To achieve these objectives, the CEA has installed a complete facility to manufacture these ODS steels, just like would be found in a real powder metallurgy plant. Mechano-synthesis by grinding powder in an attritor, consolidation at 1,100°C by 'hot extrusion' or 'isostatic compaction', drilling tubes, and hot and cold conversion: all these processes allow researchers to produce around ten of these cladding assemblies a year. This cladding will need to be 1.5 times more resistant to irradiation by fast neutrons than cladding made of austenitic steel!
Hot extrusion of ODS steel cladding
Hot extrusion of ODS steel cladding on the CEA/DEN fabrication line at the Saclay centre © P.Stroppa/CEA

Studies on the corrosion of materials in sodium environments
Studies on the corrosion of materials in sodium environments using the CORRONa2 platform belonging to the CEA/DEN at the Saclay centre © P.F. Grosjean/CEA
Since the microstructure of these new materials is very specific2, extremely high-tech analytical tools need to be used to characterise them. For these reasons, the CEA has contributed to the development of the MARS beamline at the Soleil synchrotron facility at Saclay3 which is used for detailed characterisations prior to, but especially after irradiation. This involves checking that the nano-oxides remain stable after time in the reactor and that, even with a strong neutron flux, they can still strengthen the material. The current experiments have been very conclusive. Finally, since these materials cannot be welded using conventional methods4, new assembly techniques using resistance welding or friction welding have been developed by researchers5.

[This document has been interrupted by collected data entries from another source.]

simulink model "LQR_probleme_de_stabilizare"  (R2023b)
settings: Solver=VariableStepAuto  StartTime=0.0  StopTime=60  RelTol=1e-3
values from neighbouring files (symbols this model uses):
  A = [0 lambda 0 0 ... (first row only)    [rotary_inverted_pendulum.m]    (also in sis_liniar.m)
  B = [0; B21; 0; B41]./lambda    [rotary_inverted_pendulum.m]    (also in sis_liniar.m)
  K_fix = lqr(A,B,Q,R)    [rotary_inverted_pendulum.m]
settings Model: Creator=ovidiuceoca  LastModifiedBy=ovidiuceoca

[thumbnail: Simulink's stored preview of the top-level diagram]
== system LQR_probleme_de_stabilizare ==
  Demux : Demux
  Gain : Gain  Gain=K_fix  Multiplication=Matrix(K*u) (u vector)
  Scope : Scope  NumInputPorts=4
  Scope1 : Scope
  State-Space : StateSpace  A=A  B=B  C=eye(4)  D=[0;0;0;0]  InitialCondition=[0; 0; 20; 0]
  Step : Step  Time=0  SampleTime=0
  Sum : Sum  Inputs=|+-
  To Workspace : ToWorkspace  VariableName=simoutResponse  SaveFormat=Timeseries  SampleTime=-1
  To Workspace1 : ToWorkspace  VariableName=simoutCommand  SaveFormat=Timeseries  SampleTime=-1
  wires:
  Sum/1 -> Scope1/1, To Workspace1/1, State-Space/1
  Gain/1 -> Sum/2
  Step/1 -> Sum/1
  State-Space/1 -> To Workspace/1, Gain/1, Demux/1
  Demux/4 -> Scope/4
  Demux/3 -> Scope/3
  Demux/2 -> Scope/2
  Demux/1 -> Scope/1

Nuclear materials' corrosion under the microscope

In addition to the stress of irradiation and high temperatures, the materials used in SFRs must also resist corrosion. Undoubtedly, liquid sodium is a much less harsh fluid compared with water which is still used as the coolant in PWRs. “Added to this is the fact that in practice, it still contains impurities, carbon or dissolved oxygen which can, as a result of oxidation and carburation phenomena, damage the surfaces of the core equipment and in the end affect the lifespan of the facility”, explained Fabrice Legendre and Raphael Robin, service manager and laboratory manager respectively at the CEA Nuclear Energy Division. Scientists would like to performance-test the materials so as to quantify the risk and determine which products are created from their corrosion, among others in order to determine the best size for the 'cold traps' designed to filter the liquid sodium in the future reactors. To this end, two R&D platforms were built at Saclay: the “CORRONa” loops, consisting of a series of glove boxes, placed in an inert argon atmosphere and connected to 'pots' containing several litres of liquid sodium heated to 650°C. By exposing samples in this hot fluid for several thousand hours and accurately characterising them with special optical tools, the team can perform all sorts of static, hydrodynamic and tribological experiments. Used in models or to refine them, these results can be used to predict how these alloys will age due to corrosion over a number of decades and establish the correct component size accordingly. A dozen metal grades, involving hundreds of samples, have therefore already been tested. One material, 316 LN steel, has in fact been chosen as a 'reference material' for the tanks and internals of future Generation IV sodium-cooled fast reactors.